**Recorded information**
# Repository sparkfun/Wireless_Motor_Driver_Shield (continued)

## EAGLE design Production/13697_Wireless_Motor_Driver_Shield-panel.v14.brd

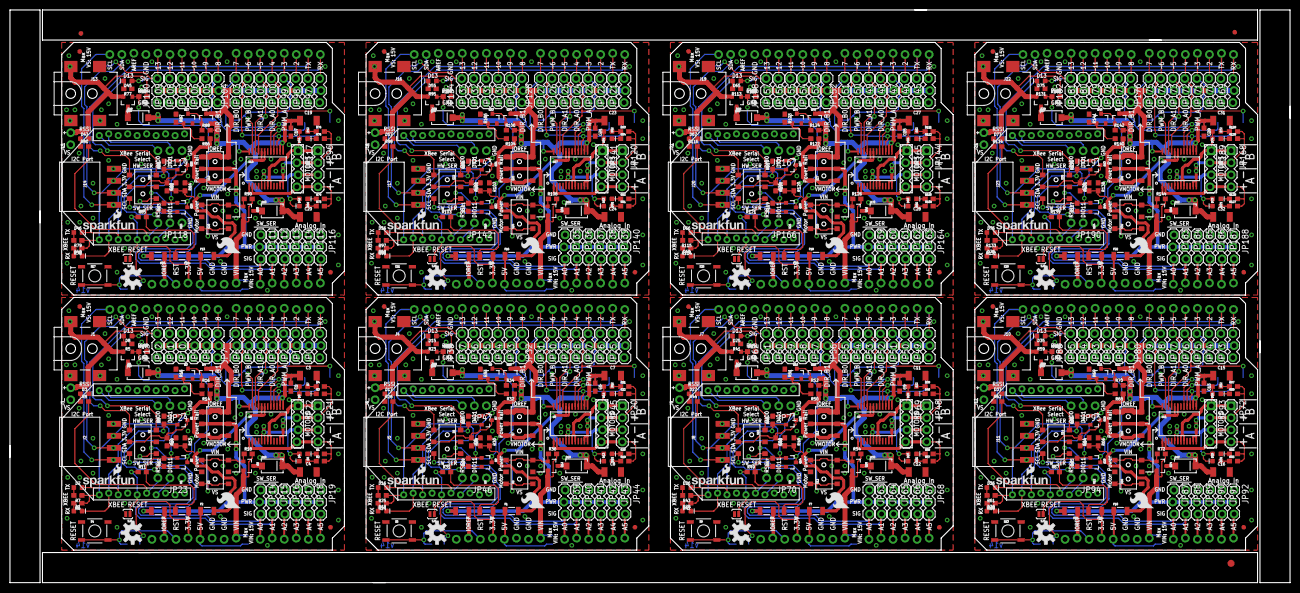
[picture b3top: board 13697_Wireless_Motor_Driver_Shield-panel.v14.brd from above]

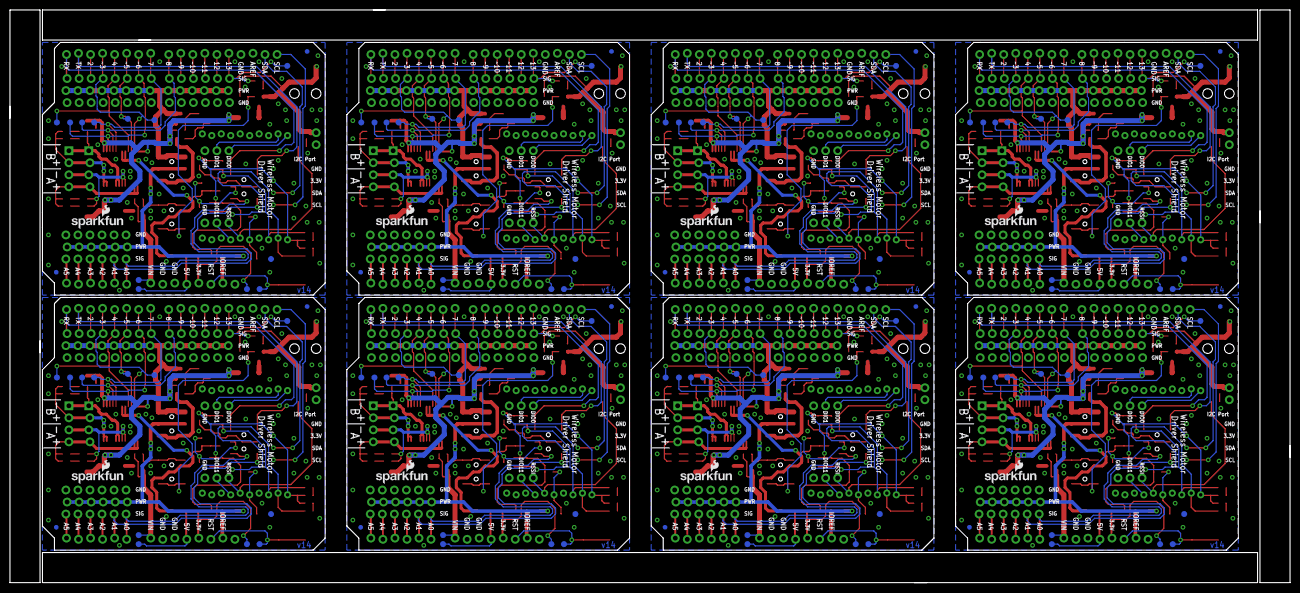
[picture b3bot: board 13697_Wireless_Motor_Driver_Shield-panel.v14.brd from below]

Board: 2 copper layers, 270.3 x 120.9 mm, 771 parts (120 on the bottom side), 496 nets.

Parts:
C1, C2, C5, C6, C9, C10, C13, C14, C17, C18, C21, C22, C25, C26, C29, C30: 0.1uF; 0603
C3, C4, C7, C8, C11, C12, C15, C16, C19, C20, C23, C24, C27, C28, C31, C32: 10uF; 1210
D1, D5, D7, D11, D12, D18, D21, D22, D28, D31, D32, D38, D41, D42, D48, D51, D52, D58, D61, D62, D68, D71, D72, D78: Yellow; LED-0603
D2, D8, D15, D16, D25, D26, D35, D36, D45, D46, D55, D56, D65, D66, D75, D76: GREEN; LED-0603
D3, D17, D27, D37, D47, D57, D67, D77: RED; LED-0603
D4, D6, D13, D14, D23, D24, D33, D34, D43, D44, D53, D54, D63, D64, D73, D74: BLUE; LED-0603
D9, D10, D19, D20, D29, D30, D39, D40, D49, D50, D59, D60, D69, D70, D79, D80: B340A; SMA-DIODE
E$1: FIDUCIAL-1.5X3
E$5, E$6: FIDUCIAL-1X2
F1, F2, F3, F4, F5, F6, F7, F8, F9, F10, F11, F12, F13, F14, F15, F16, F17, F18, F19, F20, F21, F22, F23, F24: PTC-1206
FID1, FID2, FID3, FID4, FID5, FID6, FID7, FID8, FID9, FID10, FID11, FID12, FID13, FID14, FID15, FID16, FID17, FID18, FID19, FID20, FID21, FID22, FID23, FID24, FID25, FID26, FID27, FID28, FID29, FID30, FID31, FID32: FIDUCIAL1X2; FIDUCIAL-1X2
J1, J4, J7, J10, J13, J16, J19, J22: 5.5x2.1mm Barrel; POWER_JACK_SMD
J2, J5, J8, J11, J14, J17, J20, J23: 1X04_SMD_RA_FEMALE
J3, J6, J9, J12, J15, J18, J21, J24: 1X02_NO_SILK
JP0, JP25, JP49, JP73, JP97, JP121, JP145, JP169: D0; 1X03_LOCK
JP1, JP26, JP50, JP74, JP98, JP122, JP146, JP170: D1; 1X03_LOCK
JP2, JP27, JP51, JP75, JP99, JP123, JP147, JP171: D2; 1X03_LOCK
JP3, JP28, JP52, JP76, JP100, JP124, JP148, JP172: D3; 1X03_LOCK
JP4, JP29, JP53, JP77, JP101, JP125, JP149, JP173: D4; 1X03_LOCK
JP5, JP30, JP54, JP78, JP102, JP126, JP150, JP174: D5; 1X03_LOCK
JP6, JP31, JP55, JP79, JP103, JP127, JP151, JP175: D6; 1X03_LOCK
JP7, JP32, JP56, JP80, JP104, JP128, JP152, JP176: D7; 1X03_LOCK
JP8, JP33, JP57, JP81, JP105, JP129, JP153, JP177: D8; 1X03_LOCK
JP9, JP34, JP58, JP82, JP106, JP130, JP154, JP178: D9; 1X03_LOCK
JP10, JP35, JP59, JP83, JP107, JP131, JP155, JP179: D10; 1X03_LOCK
JP11, JP36, JP60, JP84, JP108, JP132, JP156, JP180: D11; 1X03_LOCK
JP12, JP37, JP61, JP85, JP109, JP133, JP157, JP181: D12; 1X03_LOCK
JP13, JP38, JP62, JP86, JP110, JP134, JP158, JP182: D13; 1X03_LOCK
JP14, JP39, JP63, JP87, JP111, JP135, JP159, JP183: A0; 1X03_LOCK
JP15, JP40, JP64, JP88, JP112, JP136, JP160, JP184: A1; 1X03_LOCK
JP16, JP41, JP65, JP89, JP113, JP137, JP161, JP185: A2; 1X03_LOCK
JP17, JP42, JP66, JP90, JP114, JP138, JP162, JP186: A3; 1X03_LOCK
JP18, JP43, JP67, JP91, JP115, JP139, JP163, JP187: A4; 1X03_LOCK
JP19, JP44, JP68, JP92, JP116, JP140, JP164, JP188: A5; 1X03_LOCK
JP20, JP21, JP48, JP72, JP96, JP120, JP144, JP168: 1X04@1
JP22, JP45, JP69, JP93, JP117, JP141, JP165, JP189: 1X04_LOCK@1
JP23, JP24, JP46, JP47, JP70, JP71, JP94, JP95, JP118, JP119, JP142, JP143, JP166, JP167, JP190, JP191: 1X03_NO_SILK
LOGO1, LOGO5, LOGO9, LOGO13, LOGO17, LOGO21, LOGO25, LOGO29: OSHW-LOGOM; OSHW-LOGO-M
LOGO2, LOGO4, LOGO6, LOGO8, LOGO10, LOGO12, LOGO14, LOGO16, LOGO18, LOGO20, LOGO22, LOGO24, LOGO26, LOGO28, LOGO30, LOGO32: SFE_LOGO_NAME_FLAME.1_INCH; SFE_LOGO_NAME_FLAME_.1
LOGO3, LOGO7, LOGO11, LOGO15, LOGO19, LOGO23, LOGO27, LOGO31: SFE_LOGO_FLAME.2_INCH; SFE_LOGO_FLAME_.2
Q1, Q2, Q7, Q8, Q13, Q14, Q19, Q20, Q25, Q26, Q31, Q32, Q37, Q38, Q43, Q44: MOSFET-NCHANNELBSS138; SOT23-3
Q3, Q9, Q15, Q21, Q27, Q33, Q39, Q45: MMBT2222A; SOT23-3
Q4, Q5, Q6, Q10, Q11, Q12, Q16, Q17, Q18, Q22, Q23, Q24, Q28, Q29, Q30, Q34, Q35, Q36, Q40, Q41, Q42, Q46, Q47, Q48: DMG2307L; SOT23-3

**Directions for this task**
In the records above, find every line that contains the word "picture" and copy it.

**Completed task**
[picture b3top: board 13697_Wireless_Motor_Driver_Shield-panel.v14.brd from above]
[picture b3bot: board 13697_Wireless_Motor_Driver_Shield-panel.v14.brd from below]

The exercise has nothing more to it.